To be sure, the benefits of wearable devices, as well as the value of the data generated by them, cannot be ignored. Yet, despite the potential benefits of introducing wearables into the workplace, employers should be mindful of the potential legal pitfalls. Monitoring employees, whether during work or non-work hours, can expose employers to legal risks even if the monitoring is intended to promote employee wellness, improve business operations, or keep employees safe.

What Are the Legal Risks?

Several legal risks arise from the various health-related data that can be collected from these workplace wearables and used by employers. One key threat is that cybercriminals could hack into the servers of companies that sell fitness tracking wearables (and manage the associated mobile health apps) and access employees’ personal data. It is also possible that these companies could sell employees’ personal data to advertising companies or other third parties without employee knowledge.

In addition to data privacy and security concerns, antidiscrimination laws also represent an important risk for employers. For example, under the Americans with Disabilities Act (“ADA”), employers are prohibited from conducting a “medical examination” of employees unless the examination is “job-related and consistent with business necessity.”[3] A medical examination includes a procedure or test that seeks information about an employee’s physical or mental impairments or health. Because wearables today can measure various health metrics, such as heart rate and blood pressure, an employer’s rollout of wearables could unintentionally result in prohibited medical examinations under the ADA. While employers are permitted to conduct voluntary medical examinations as part of voluntary workplace wellness programs, provided that certain conditions are met, this is still an area in which employers should be cautious. Further, to the extent that wearables collect information about employees’ family medical history or other genetic information, employers may face liability under the Genetic Information Nondiscrimination Act (“GINA”). Under GINA, it is illegal for employers to use genetic information in making employment decisions.
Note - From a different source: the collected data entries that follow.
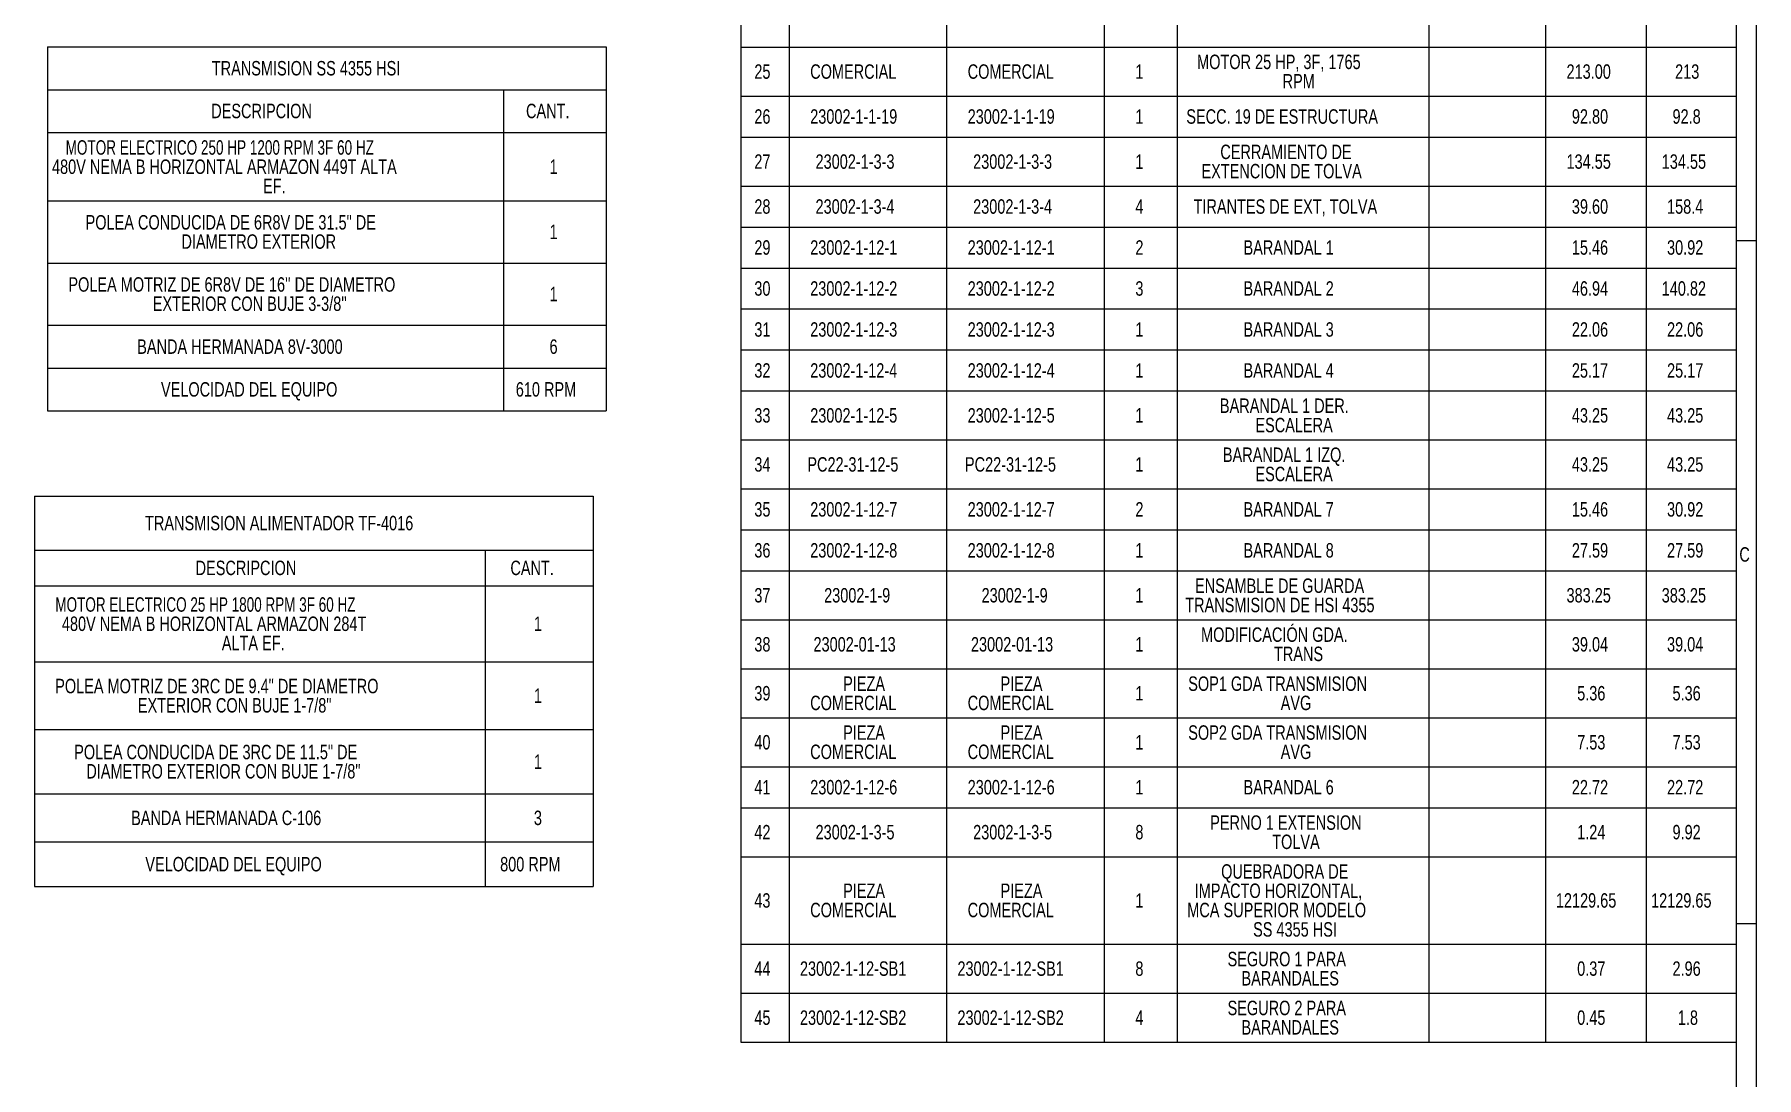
# Model space of a CAD drawing. Header units: millimetres. Extents: x 1293 to 41893, y 1011 to 26911.
# Drawn here: x 29283 to 41893, y 10334 to 17971 of the extents above; entities that cross this region are included whole.
import ezdxf

# ---------------------------------------------------------------- set-up
doc = ezdxf.new("R2010")
doc.units = ezdxf.units.MM
doc.header["$LTSCALE"] = 50
doc.layers.add('CAPA_1', color=7, linetype='Continuous')
doc.styles.add('SLDTEXTSTYLE0', font='TXT', dxfattribs={"width": 0.75})
doc.styles.add('SLDTEXTSTYLE10', font='TXT', dxfattribs={"width": 0.7})
doc.styles.add('SLDTEXTSTYLE25', font='TXT', dxfattribs={"width": 0.698718})

# ---------------------------------------------------------------- blocks, each defined once
blk = doc.blocks.new('SW_TABLEANNOTATION_0')
at = {"layer": 'CAPA_1', "color": 0}
for p, q in [((0, -8583), (0, -8883)), ((355, -8583), (355, -8883)), ((1506, -8583), (1506, -8883)), ((2661, -8583), (2661, -8883)), ((3195, -8583), (3195, -8883)), ((5038, -8583), (5038, -8883)), ((5893, -8583), (5893, -8883)), ((6629, -8583), (6629, -8883)), ((7287, -8583), (7287, -8883)), ((0, -8883), (0, -9241)), ((0, -8883), (355, -8883)), ((355, -8883), (355, -9241)), ((355, -8883), (1506, -8883)), ((1506, -8883), (1506, -9241)), ((1506, -8883), (2661, -8883)), ((2661, -8883), (2661, -9241)), ((2661, -8883), (3195, -8883)), ((3195, -8883), (3195, -9241)), ((3195, -8883), (5038, -8883)), ((5038, -8883), (5038, -9241)), ((5038, -8883), (5893, -8883)), ((5893, -8883), (5893, -9241)), ((5893, -8883), (6629, -8883)), ((6629, -8883), (6629, -9241)), ((6629, -8883), (7287, -8883)), ((7287, -8883), (7287, -9241)), ((0, -9241), (0, -9541)), ((0, -9241), (355, -9241)), ((355, -9241), (355, -9541)), ((355, -9241), (1506, -9241)), ((1506, -9241), (1506, -9541)), ((1506, -9241), (2661, -9241)), ((2661, -9241), (2661, -9541)), ((2661, -9241), (3195, -9241)), ((3195, -9241), (3195, -9541)), ((3195, -9241), (5038, -9241)), ((5038, -9241), (5038, -9541)), ((5038, -9241), (5893, -9241)), ((5893, -9241), (5893, -9541)), ((5893, -9241), (6629, -9241)), ((6629, -9241), (6629, -9541)), ((6629, -9241), (7287, -9241)), ((7287, -9241), (7287, -9541)), ((0, -9541), (0, -9900)), ((0, -9541), (355, -9541)), ((355, -9541), (355, -9900)), ((355, -9541), (1506, -9541)), ((1506, -9541), (1506, -9900)), ((1506, -9541), (2661, -9541)), ((2661, -9541), (2661, -9900)), ((2661, -9541), (3195, -9541)), ((3195, -9541), (3195, -9900)), ((3195, -9541), (5038, -9541)), ((5038, -9541), (5038, -9900)), ((5038, -9541), (5893, -9541)), ((5893, -9541), (5893, -9900)), ((5893, -9541), (6629, -9541)), ((6629, -9541), (6629, -9900)), ((6629, -9541), (7287, -9541)), ((7287, -9541), (7287, -9900)), ((0, -9900), (0, -10200)), ((0, -9900), (355, -9900)), ((355, -9900), (355, -10200)), ((355, -9900), (1506, -9900)), ((1506, -9900), (1506, -10200)), ((1506, -9900), (2661, -9900)), ((2661, -9900), (2661, -10200)), ((2661, -9900), (3195, -9900)), ((3195, -9900), (3195, -10200)), ((3195, -9900), (5038, -9900)), ((5038, -9900), (5038, -10200)), ((5038, -9900), (5893, -9900)), ((5893, -9900), (5893, -10200)), ((5893, -9900), (6629, -9900)), ((6629, -9900), (6629, -10200)), ((6629, -9900), (7287, -9900)), ((7287, -9900), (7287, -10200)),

Finally, employee monitoring, particularly with respect to GPS location, can also potentially run afoul of protections afforded by the National Labor Relations Act (“NLRA”).

How Can Employers Mitigate the Risks of Using Wearables in the Workplace?

While the law in this area is in its nascent stage, before rolling out a wearables program, either as part of an overall wellness plan or independently, employers in all industries should do the following:

  • Although wearable technology is rapidly advancing and adopting novel methods of employee tracking and monitoring may be alluring, exercise particular caution when adopting novel tracking methods, regardless of how strong the underlying business, health, and/or safety justification may be.
  • Consider working with a third-party vendor to administer the workplace wellness program so that you receive information derived from employee wearables on an aggregate basis that does not individually identify data for any specific employee.
  • Ensure that there is a policy in place detailing how the technology will be used and the scope of information that will be collected. Also, consider obtaining employee consent related to data collection.
  • As the legal landscape surrounding workplace wearables evolves, closely track and monitor developments in applicable state and federal laws (including the ADA, GINA, and NLRA, among others) and revise your policies accordingly.

A version of this article originally appeared in the Take 5 newsletter “Five Trending Challenges Facing Employers in the Technology, Media, and Telecommunications Industry.”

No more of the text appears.